# 12 acres enough to hunt on?



## Stub (Aug 13, 2013)

With traditional gear, I'd like your guy's opinion about hunting on just a 12 acre plot primarily for deer. 

Family and I bought this place about 6 months ago. I see about 1 deer a week, often times just looking out my kitchen window. I explored a lot back in the woods and see many game trails and tracks. There is 3 creeks running on my property, one being a large (60' wide ish) county creek running along the boarder of my property. Previous owner mentioned 27 various nut trees planted 30 years ago. Walking through the woods I found a lot of shot gun shells and some rifle shells (30-30?). 

What do you guys think. Too small to be hunting deer on? I'll add a picture of my property so u guys can get an idea what I'm talking about. Sorry for the professional edit job, was a little iffy about showing my house and street names . But the red line is my property and the blue lines are creeks. As you can see my property is surrounded by farm fields. I actually met the guy that owns the field south of me. Very nice down to earth guy. It ment a lot to me that he came by to say "hi" as we are "new" here. Sadly, at the time I didn't think about asking him if he cared if I had to track onto his field. The Field to the West I don't see myself needing to track into. With a 60' ish creek and fencing about 6' tall I think I'm Ok.

Anyways, just want your guy's opinions. With only 12 acres- would you hunt it? Stick with public land?









Also keep in mind. No guns, just trad bows. Following all state laws and only taking what I and family would eat.


----------



## guyver (Jan 3, 2012)

I'm not sure why it wouldn't be. If your only desire is to hunt deer, and you have deer, only thing missing is the you with a bow and arrow.

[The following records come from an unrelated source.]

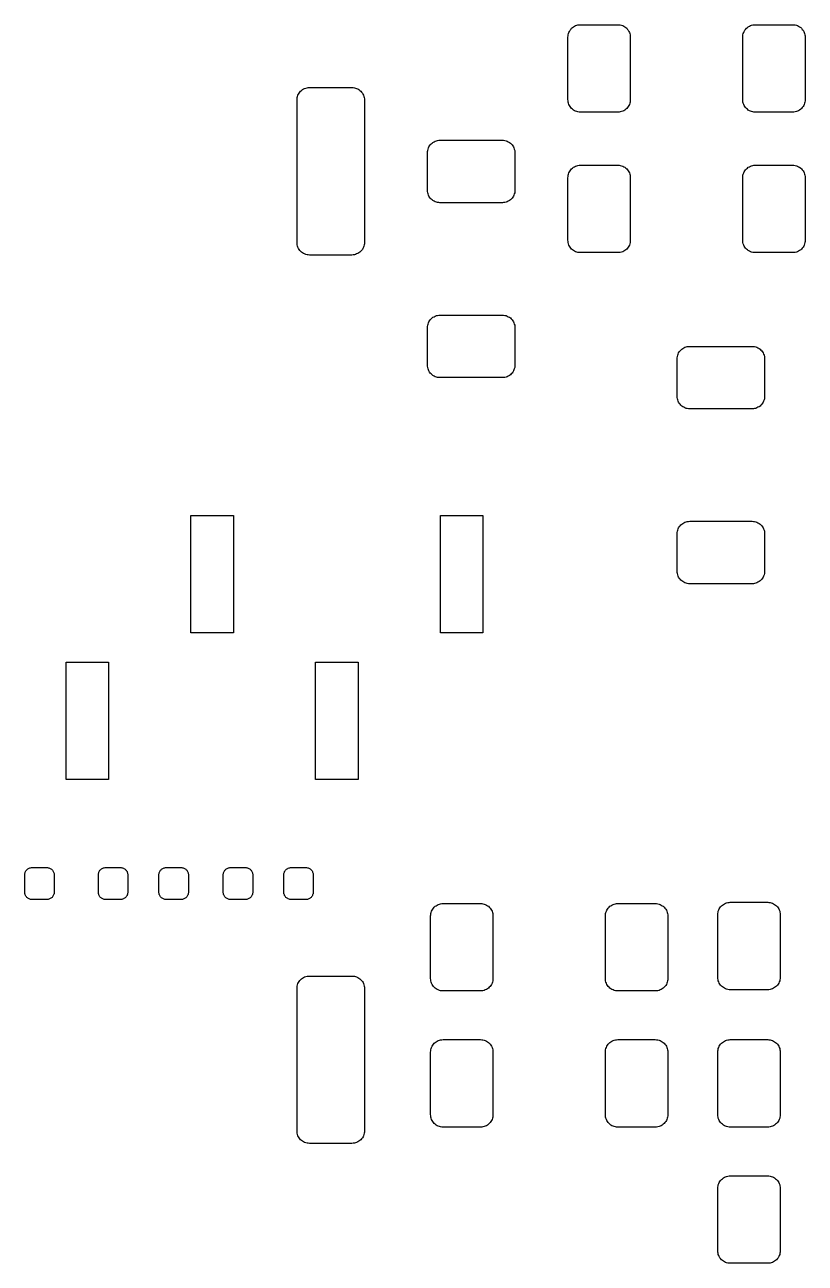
# Model space of a CAD drawing. Extents: x 0.2 to 57.7, y -40 to 0.2.
# Drawn here: x 29.6 to 42.1, y -39.96 to -20.13 of the extents above; entities that cross this region are included whole.
import ezdxf

# ---------------------------------------------------------------- set-up
doc = ezdxf.new("R2010")
doc.units = 0
doc.layers.get('0').update_dxf_attribs({"linetype": 'CONTINUOUS'})

msp = doc.modelspace()

# ---------------------------------------------------------------- linework, layer by layer
at = {"color": 7}
for points in [[(39.119519, -20.13117), (39.137807, -20.133202), (39.156095, -20.139298), (39.176415, -20.145394), (39.192671, -20.153522), (39.210959, -20.163682), (39.225183, -20.175874), (39.241439, -20.188066), (39.253631, -20.204322), (39.265823, -20.218546), (39.275983, -20.236834), (39.284111, -20.25309), (39.290207, -20.271378), (39.294271, -20.291698), (39.298335, -20.309986), (39.298335, -20.330306), (39.298335, -21.330049), (39.298335, -21.350369), (39.294271, -21.368657), (39.290207, -21.388977), (39.284111, -21.407265), (39.275983, -21.425553), (39.265823, -21.441809), (39.253631, -21.458065), (39.241439, -21.472289), (39.225183, -21.484481), (39.210959, -21.496673), (39.192671, -21.506833), (39.176415, -21.514961), (39.156095, -21.521057), (39.137807, -21.527153), (39.119519, -21.529185), (39.099199, -21.531217), (38.49976, -21.531217), (38.47944, -21.529185), (38.45912, -21.527153), (38.440832, -21.521057), (38.422544, -21.514961), (38.404256, -21.506833), (38.388, -21.496673), (38.371744, -21.484481), (38.35752, -21.472289), (38.345328, -21.458065), (38.333136, -21.441809), (38.322976, -21.425553), (38.314848, -21.407265), (38.30672, -21.388977), (38.302656, -21.368657), (38.300624, -21.350369), (38.298592, -21.330049), (38.298592, -20.330306), (38.300624, -20.309986), (38.302656, -20.291698), (38.30672, -20.271378), (38.314848, -20.25309), (38.322976, -20.236834), (38.333136, -20.218546), (38.345328, -20.204322), (38.35752, -20.188066), (38.371744, -20.175874), (38.388, -20.163682), (38.404256, -20.153522), (38.422544, -20.145394), (38.440832, -20.139298), (38.45912, -20.133202), (38.47944, -20.13117), (38.49976, -20.13117), (39.099199, -20.13117)], [(41.919105, -20.13117), (41.937393, -20.133202), (41.957713, -20.139298), (41.976001, -20.145394), (41.994289, -20.153522), (42.010545, -20.163682), (42.026801, -20.175874), (42.041025, -20.188066), (42.053217, -20.204322), (42.065408, -20.218546), (42.075568, -20.236834), (42.083696, -20.25309), (42.089792, -20.271378), (42.095888, -20.291698), (42.09792, -20.309986), (42.099952, -20.330306), (42.099952, -21.330049), (42.09792, -21.350369), (42.095888, -21.368657), (42.089792, -21.388977), (42.083696, -21.407265), (42.075568, -21.425553), (42.065408, -21.441809), (42.053217, -21.458065), (42.041025, -21.472289), (42.026801, -21.484481), (42.010545, -21.496673), (41.994289, -21.506833), (41.976001, -21.514961), (41.957713, -21.521057), (41.937393, -21.527153), (41.919105, -21.529185), (41.898785, -21.531217), (41.299345, -21.531217), (41.279025, -21.529185), (41.260737, -21.527153), (41.240417, -21.521057), (41.222129, -21.514961), (41.205873, -21.506833), (41.187585, -21.496673), (41.173361, -21.484481), (41.157105, -21.472289), (41.144913, -21.458065), (41.132721, -21.441809), (41.122561, -21.425553), (41.114433, -21.407265), (41.108337, -21.388977), (41.102241, -21.368657), (41.100209, -21.350369), (41.100209, -21.330049), (41.100209, -20.330306), (41.100209, -20.309986), (41.102241, -20.291698), (41.108337, -20.271378), (41.114433, -20.25309), (41.122561, -20.236834), (41.132721, -20.218546), (41.144913, -20.204322), (41.157105, -20.188066), (41.173361, -20.175874), (41.187585, -20.163682), (41.205873, -20.153522), (41.222129, -20.145394), (41.240417, -20.139298), (41.260737, -20.133202), (41.279025, -20.13117), (41.299345, -20.13117), (41.898785, -20.13117)], [(34.858165, -21.137009), (34.878485, -21.141073), (34.896773, -21.145137), (34.915061, -21.151233), (34.933349, -21.159361), (34.949605, -21.169521), (34.965861, -21.181713), (34.980085, -21.195937), (34.994309, -21.210161), (35.006501, -21.224385), (35.014629, -21.242673), (35.024789, -21.258929), (35.030885, -21.279249), (35.034949, -21.297537), (35.039013, -21.315825), (35.039013, -21.336145), (35.039013, -23.616047), (35.039013, -23.636367), (35.034949, -23.654655), (35.030885, -23.674975), (35.024789, -23.693263), (35.014629, -23.711551), (35.006501, -23.727807), (34.994309, -23.744063), (34.980085, -23.758287), (34.965861, -23.770479), (34.949605, -23.782671), (34.933349, -23.792831), (34.915061, -23.800959), (34.896773, -23.807055), (34.878485, -23.813151), (34.858165, -23.815183), (34.839877, -23.817215), (34.159158, -23.817215), (34.138838, -23.815183), (34.12055, -23.813151), (34.10023, -23.807055), (34.081942, -23.800959), (34.065686, -23.792831), (34.047398, -23.782671), (34.033174, -23.770479), (34.016918, -23.758287), (34.004726, -23.744063), (33.992534, -23.727807), (33.982374, -23.711551), (33.974246, -23.693263), (33.96815, -23.674975), (33.964086, -23.654655), (33.960022, -23.636367), (33.960022, -23.616047), (33.960022, -21.336145), (33.960022, -21.315825), (33.964086, -21.297537), (33.96815, -21.279249), (33.974246, -21.258929), (33.982374, -21.242673), (33.992534, -21.224385), (34.004726, -21.210161), (34.016918, -21.195937), (34.033174, -21.181713), (34.047398, -21.169521), (34.065686, -21.159361), (34.081942, -21.151233), (34.10023, -21.145137), (34.12055, -21.141073), (34.138838, -21.137009), (34.159158, -21.137009), (34.839877, -21.137009)], [(37.269131, -21.981051), (37.287419, -21.985115), (37.307739, -21.989179), (37.326027, -21.995275), (37.344315, -22.003402), (37.360571, -22.013562), (37.376827, -22.025754), (37.391051, -22.037946), (37.403243, -22.054202), (37.415435, -22.068426), (37.425595, -22.086714), (37.433723, -22.10297), (37.439819, -22.121258), (37.445915, -22.141578), (37.447947, -22.159866), (37.449979, -22.180186), (37.449979, -22.779626), (37.447947, -22.799946), (37.445915, -22.820266), (37.439819, -22.838554), (37.433723, -22.856842), (37.425595, -22.87513), (37.415435, -22.891386), (37.403243, -22.907642), (37.391051, -22.921866), (37.376827, -22.934058), (37.360571, -22.94625), (37.344315, -22.95641), (37.326027, -22.964538), (37.307739, -22.972666), (37.287419, -22.97673), (37.269131, -22.978762), (37.248811, -22.980794), (36.249068, -22.980794), (36.228748, -22.978762), (36.21046, -22.97673), (36.192172, -22.972666), (36.171852, -22.964538), (36.155596, -22.95641), (36.137308, -22.94625), (36.123084, -22.934058), (36.10886, -22.921866), (36.094636, -22.907642), (36.082444, -22.891386), (36.072284, -22.87513), (36.064156, -22.856842), (36.05806, -22.838554), (36.053996, -22.820266), (36.049932, -22.799946), (36.049932, -22.779626), (36.049932, -22.180186), (36.049932, -22.159866), (36.053996, -22.141578), (36.05806, -22.121258), (36.064156, -22.10297), (36.072284, -22.086714), (36.082444, -22.068426), (36.094636, -22.054202), (36.10886, -22.037946), (36.123084, -22.025754), (36.137308, -22.013562), (36.155596, -22.003402), (36.171852, -21.995275), (36.192172, -21.989179), (36.21046, -21.985115), (36.228748, -21.981051), (36.249068, -21.981051), (37.248811, -21.981051)], [(39.119519, -22.3811), (39.137807, -22.383132), (39.156095, -22.389228), (39.176415, -22.395324), (39.192671, -22.403452), (39.210959, -22.413612), (39.225183, -22.425804), (39.241439, -22.437996), (39.253631, -22.45222), (39.265823, -22.468476), (39.275983, -22.484732), (39.284111, -22.50302), (39.290207, -22.521308), (39.294271, -22.541628), (39.298335, -22.559916), (39.298335, -22.580236), (39.298335, -23.579979), (39.298335, -23.600299), (39.294271, -23.618587), (39.290207, -23.638907), (39.284111, -23.657195), (39.275983, -23.673451), (39.265823, -23.691739), (39.253631, -23.705963), (39.241439, -23.722219), (39.225183, -23.734411), (39.210959, -23.746603), (39.192671, -23.756763), (39.176415, -23.764891), (39.156095, -23.770987), (39.137807, -23.777083), (39.119519, -23.779115), (39.099199, -23.779115), (38.49976, -23.779115), (38.47944, -23.779115), (38.45912, -23.777083), (38.440832, -23.770987), (38.422544, -23.764891), (38.404256, -23.756763), (38.388, -23.746603), (38.371744, -23.734411), (38.35752, -23.722219), (38.345328, -23.705963), (38.333136, -23.691739), (38.322976, -23.673451), (38.314848, -23.657195), (38.30672, -23.638907), (38.302656, -23.618587), (38.300624, -23.600299), (38.298592, -23.579979), (38.298592, -22.580236), (38.300624, -22.559916), (38.302656, -22.541628), (38.30672, -22.521308), (38.314848, -22.50302), (38.322976, -22.484732), (38.333136, -22.468476), (38.345328, -22.45222), (38.35752, -22.437996), (38.371744, -22.425804), (38.388, -22.413612), (38.404256, -22.403452), (38.422544, -22.395324), (38.440832, -22.389228), (38.45912, -22.383132), (38.47944, -22.3811), (38.49976, -22.379068), (39.099199, -22.379068)], [(41.919105, -22.3811), (41.937393, -22.383132), (41.957713, -22.389228), (41.976001, -22.395324), (41.994289, -22.403452), (42.010545, -22.413612), (42.026801, -22.425804), (42.041025, -22.437996), (42.053217, -22.45222), (42.065408, -22.468476), (42.075568, -22.484732), (42.083696, -22.50302), (42.089792, -22.521308), (42.095888, -22.541628), (42.09792, -22.559916), (42.099952, -22.580236), (42.099952, -23.579979), (42.09792, -23.600299), (42.095888, -23.618587), (42.089792, -23.638907), (42.083696, -23.657195), (42.075568, -23.673451), (42.065408, -23.691739), (42.053217, -23.705963), (42.041025, -23.722219), (42.026801, -23.734411), (42.010545, -23.746603), (41.994289, -23.756763), (41.976001, -23.764891), (41.957713, -23.770987), (41.937393, -23.777083), (41.919105, -23.779115), (41.898785, -23.779115), (41.299345, -23.779115), (41.279025, -23.779115), (41.260737, -23.777083), (41.240417, -23.770987), (41.222129, -23.764891), (41.205873, -23.756763), (41.187585, -23.746603), (41.173361, -23.734411), (41.157105, -23.722219), (41.144913, -23.705963), (41.132721, -23.691739), (41.122561, -23.673451), (41.114433, -23.657195), (41.108337, -23.638907), (41.102241, -23.618587), (41.100209, -23.600299), (41.100209, -23.579979), (41.100209, -22.580236), (41.100209, -22.559916), (41.102241, -22.541628), (41.108337, -22.521308), (41.114433, -22.50302), (41.122561, -22.484732), (41.132721, -22.468476), (41.144913, -22.45222), (41.157105, -22.437996), (41.173361, -22.425804), (41.187585, -22.413612), (41.205873, -22.403452), (41.222129, -22.395324), (41.240417, -22.389228), (41.260737, -22.383132), (41.279025, -22.3811), (41.299345, -22.379068), (41.898785, -22.379068)], [(37.269131, -24.780128), (37.287419, -24.784192), (37.307739, -24.788256), (37.326027, -24.794352), (37.344315, -24.804512), (37.360571, -24.814672), (37.376827, -24.824832), (37.391051, -24.839056), (37.403243, -24.85328), (37.415435, -24.869536), (37.425595, -24.885792), (37.433723, -24.90408), (37.439819, -24.922368), (37.445915, -24.940656), (37.447947, -24.960976), (37.449979, -24.979264), (37.449979, -25.580735), (37.447947, -25.599023), (37.445915, -25.619343), (37.439819, -25.637631), (37.433723, -25.655919), (37.425595, -25.674207), (37.415435, -25.690463), (37.403243, -25.706719), (37.391051, -25.720943), (37.376827, -25.735167), (37.360571, -25.747359), (37.344315, -25.757519), (37.326027, -25.765647), (37.307739, -25.771743), (37.287419, -25.775807), (37.269131, -25.779871), (37.248811, -25.779871), (36.249068, -25.779871), (36.228748, -25.779871), (36.21046, -25.775807), (36.192172, -25.771743), (36.171852, -25.765647), (36.155596, -25.757519), (36.137308, -25.747359), (36.123084, -25.735167), (36.10886, -25.720943), (36.094636, -25.706719), (36.082444, -25.690463), (36.072284, -25.674207), (36.064156, -25.655919), (36.05806, -25.637631), (36.053996, -25.619343), (36.049932, -25.599023), (36.049932, -25.580735), (36.049932, -24.979264), (36.049932, -24.960976), (36.053996, -24.940656), (36.05806, -24.922368), (36.064156, -24.90408), (36.072284, -24.885792), (36.082444, -24.869536), (36.094636, -24.85328), (36.10886, -24.839056), (36.123084, -24.824832), (36.137308, -24.814672), (36.155596, -24.804512), (36.171852, -24.794352), (36.192172, -24.788256), (36.21046, -24.784192), (36.228748, -24.780128), (36.249068, -24.780128), (37.248811, -24.780128)], [(41.269373, -25.280507), (41.287661, -25.284571), (41.307981, -25.288635), (41.326269, -25.294731), (41.342525, -25.302859), (41.360813, -25.313019), (41.377069, -25.325211), (41.391293, -25.339435), (41.403485, -25.353659), (41.415677, -25.369915), (41.425837, -25.386171), (41.433965, -25.404459), (41.440061, -25.422747), (41.446157, -25.441035), (41.448189, -25.461355), (41.448189, -25.479643), (41.448189, -26.081114), (41.448189, -26.099402), (41.446157, -26.119722), (41.440061, -26.13801), (41.433965, -26.156298), (41.425837, -26.174586), (41.415677, -26.190842), (41.403485, -26.207098), (41.391293, -26.221322), (41.377069, -26.235546), (41.360813, -26.245706), (41.342525, -26.255866), (41.326269, -26.263994), (41.307981, -26.272122), (41.287661, -26.276186), (41.269373, -26.278218), (41.249053, -26.28025), (40.24931, -26.28025), (40.22899, -26.278218), (40.210702, -26.276186), (40.190382, -26.272122), (40.172094, -26.263994), (40.155838, -26.255866), (40.13755, -26.245706), (40.123326, -26.235546), (40.10707, -26.221322), (40.094878, -26.207098), (40.082686, -26.190842), (40.072526, -26.174586), (40.064398, -26.156298), (40.058302, -26.13801), (40.052206, -26.119722), (40.050174, -26.099402), (40.050174, -26.081114), (40.050174, -25.479643), (40.050174, -25.461355), (40.052206, -25.441035), (40.058302, -25.422747), (40.064398, -25.404459), (40.072526, -25.386171), (40.082686, -25.369915), (40.094878, -25.353659), (40.10707, -25.339435), (40.123326, -25.325211), (40.13755, -25.313019), (40.155838, -25.302859), (40.172094, -25.294731), (40.190382, -25.288635), (40.210702, -25.284571), (40.22899, -25.280507), (40.24931, -25.280507), (41.249053, -25.280507)], [(32.939959, -29.865965), (32.25924, -29.865965), (32.25924, -27.986367), (32.939959, -27.986367)], [(36.938169, -29.865965), (36.259482, -29.865965), (36.259482, -27.986367), (36.938169, -27.986367)], [(41.269373, -28.081617), (41.287661, -28.083649), (41.307981, -28.087713), (41.326269, -28.095841), (41.342525, -28.103969), (41.360813, -28.114129), (41.377069, -28.12632), (41.391293, -28.138512), (41.403485, -28.152736), (41.415677, -28.168992), (41.425837, -28.185248), (41.433965, -28.203536), (41.440061, -28.221824), (41.446157, -28.240112), (41.448189, -28.260432), (41.448189, -28.280752), (41.448189, -28.880192), (41.448189, -28.900512), (41.446157, -28.9188), (41.440061, -28.937088), (41.433965, -28.957408), (41.425837, -28.973664), (41.415677, -28.991952), (41.403485, -29.006176), (41.391293, -29.022432), (41.377069, -29.034624), (41.360813, -29.046816), (41.342525, -29.056976), (41.326269, -29.065104), (41.307981, -29.0712), (41.287661, -29.075264), (41.269373, -29.079328), (41.249053, -29.079328), (40.24931, -29.079328), (40.22899, -29.079328), (40.210702, -29.075264), (40.190382, -29.0712), (40.172094, -29.065104), (40.155838, -29.056976), (40.13755, -29.046816), (40.123326, -29.034624), (40.10707, -29.022432), (40.094878, -29.006176), (40.082686, -28.991952), (40.072526, -28.973664), (40.064398, -28.957408), (40.058302, -28.937088), (40.052206, -28.9188), (40.050174, -28.900512), (40.050174, -28.880192), (40.050174, -28.280752), (40.050174, -28.260432), (40.052206, -28.240112), (40.058302, -28.221824), (40.064398, -28.203536), (40.072526, -28.185248), (40.082686, -28.168992), (40.094878, -28.152736), (40.10707, -28.138512), (40.123326, -28.12632), (40.13755, -28.114129), (40.155838, -28.103969), (40.172094, -28.095841), (40.190382, -28.087713), (40.210702, -28.083649), (40.22899, -28.081617), (40.24931, -28.079585), (41.249053, -28.079585)], [(30.938695, -32.215463), (30.260008, -32.215463), (30.260008, -30.335864), (30.938695, -30.335864)], [(34.938937, -32.215463), (34.258218, -32.215463), (34.258218, -30.335864), (34.938937, -30.335864)], [(29.96486, -33.624399), (29.97502, -33.626431), (29.987212, -33.628463), (29.997372, -33.632527), (30.007532, -33.638623), (30.017692, -33.644719), (30.027852, -33.650815), (30.03598, -33.658943), (30.044108, -33.667071), (30.050204, -33.677231), (30.0563, -33.687391), (30.060364, -33.697551), (30.064428, -33.707711), (30.068492, -33.719903), (30.070524, -33.730063), (30.070524, -33.742255), (30.070524, -34.018607), (30.070524, -34.028767), (30.068492, -34.040959), (30.064428, -34.053151), (30.060364, -34.063311), (30.0563, -34.073471), (30.050204, -34.083631), (30.044108, -34.093791), (30.03598, -34.101919), (30.027852, -34.110047), (30.017692, -34.116143), (30.007532, -34.122239), (29.997372, -34.126303), (29.987212, -34.130367), (29.97502, -34.134431), (29.96486, -34.136463), (29.952668, -34.136463), (29.716956, -34.136463), (29.704764, -34.136463), (29.692572, -34.134431), (29.682412, -34.130367), (29.67022, -34.126303), (29.66006, -34.122239), (29.6499, -34.116143), (29.641772, -34.110047), (29.633644, -34.101919), (29.625516, -34.093791), (29.617388, -34.083631), (29.611292, -34.073471), (29.607228, -34.063311), (29.603164, -34.053151), (29.601132, -34.040959), (29.5991, -34.028767), (29.5991, -34.018607), (29.5991, -33.742255), (29.5991, -33.730063), (29.601132, -33.719903), (29.603164, -33.707711), (29.607228, -33.697551), (29.611292, -33.687391), (29.617388, -33.677231), (29.625516, -33.667071), (29.633644, -33.658943), (29.641772, -33.650815), (29.6499, -33.644719), (29.66006, -33.638623), (29.67022, -33.632527), (29.682412, -33.628463), (29.692572, -33.626431), (29.704764, -33.624399), (29.716956, -33.624399), (29.952668, -33.624399)], [(31.143419, -33.624399), (31.155611, -33.626431), (31.165771, -33.628463), (31.177963, -33.632527), (31.188123, -33.638623), (31.198283, -33.644719), (31.206411, -33.650815), (31.214539, -33.658943), (31.222667, -33.667071), (31.230795, -33.677231), (31.236891, -33.687391), (31.240955, -33.697551), (31.245019, -33.707711), (31.247051, -33.719903), (31.249083, -33.730063), (31.249083, -33.742255), (31.249083, -34.018607), (31.249083, -34.028767), (31.247051, -34.040959), (31.245019, -34.053151), (31.240955, -34.063311), (31.236891, -34.073471), (31.230795, -34.083631), (31.222667, -34.093791), (31.214539, -34.101919), (31.206411, -34.110047), (31.198283, -34.116143), (31.188123, -34.122239), (31.177963, -34.126303), (31.165771, -34.130367), (31.155611, -34.134431), (31.143419, -34.136463), (31.131227, -34.136463), (30.895515, -34.136463), (30.885355, -34.136463), (30.873163, -34.134431), (30.860971, -34.130367), (30.850811, -34.126303), (30.840651, -34.122239), (30.830491, -34.116143), (30.820331, -34.110047), (30.812203, -34.101919), (30.804075, -34.093791), (30.797979, -34.083631), (30.791883, -34.073471), (30.787819, -34.063311), (30.783755, -34.053151), (30.779691, -34.040959), (30.777659, -34.028767), (30.777659, -34.018607), (30.777659, -33.742255), (30.777659, -33.730063), (30.779691, -33.719903), (30.783755, -33.707711), (30.787819, -33.697551), (30.791883, -33.687391), (30.797979, -33.677231), (30.804075, -33.667071), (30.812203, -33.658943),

Talk with your neighbors, let them know you will be bow hunting and see if you can get permission to track deer if need be, may lead to gaining their permission to hunt on their property.


----------



## drawemback (Dec 6, 2006)

I have been hunting my property of 8 Acres for many years. Having descent neighbors helps when an animal crosses to another property. Getting permission to recover an animal says a lot and no one has ever objected. 12 Acres is a plenty for me.


----------



## Cladinator (Feb 28, 2014)

You definitely have room to hit a deer.


----------



## JParanee (Oct 13, 2009)

First off congrats on a beautiful piece of property 

That is plenty to hunt and because it is surrounded by farm fields you are in heaven  

Put stands up in game funnels and in inside edges 

Do the stands now 

End of summer put some cameras up and see what you have moving thru 

When the rut comes different bucks will show up 

If you can pattern the does the bigger bucks will come 

Go buy some. Fruit baskets and deliver them in person to the neighbors introduce yourself and make a point to be friendly and offer help 

After you build a relationship ask if you can track on their land if need be, slowly build the relationship 

In time they will learn to trust you and you will gain even more access 

This is what I did 25 years ago around my house and I now I have over 100 acres of prime whitetail habit that I have access to

Do not wait till you need to access their land to ask permission 

The good neighbor policy is key


----------



## jwilson48 (Apr 1, 2009)

i say go for it. looks like the very sw of your property is a natural bottleneck. hunt there! also depending on what the surrounding fields have in it, you could plant something very attractive in the little opening directly south of your house that could draw deer in during the day, and they will feel secure as it is surrounded by woods. do get permission to follow any deer that run off your property. i sometimes hunt on 5 acres


----------



## hooiserarcher (Feb 20, 2011)

12 acres is more then enough. Maintain good neighboring relations and enjoy your hunt.


----------



## Mandango1 (Dec 3, 2012)

JParanee said:


> First off congrats on a beautiful piece of property
> 
> That is plenty to hunt and because it is surrounded by farm fields you are in heaven
> 
> ...



Well said and some great advice..Has lead to me having land to hunt and owning little..Good luck to the OP, good looking piece of property


----------



## rattus58 (Jul 9, 2007)

Stub said:


> With traditional gear, I'd like your guy's opinion about hunting on just a 12 acre plot primarily for deer.
> 
> Family and I bought this place about 6 months ago. I see about 1 deer a week, often times just looking out my kitchen window. I explored a lot back in the woods and see many game trails and tracks. There is 3 creeks running on my property, one being a large (60' wide ish) county creek running along the boarder of my property. Previous owner mentioned 27 various nut trees planted 30 years ago. Walking through the woods I found a lot of shot gun shells and some rifle shells (30-30?).
> 
> ...


You can find deer in half an acre, never mind 12. I'd certainly hunt it because 12 acres isn't the only 12.... :grin:


----------



## tjd60449 (Jun 30, 2012)

Sounds like a deer haven to me. With a few small food plots and low pressure you will do good.


----------



## Stub (Aug 13, 2013)

Thanks guys. 

Was questioning my property from what I was reading on the web about minimum acreage to hunt on. Some say its too little and say its fine. I value the information here and very much appreciate your opinions.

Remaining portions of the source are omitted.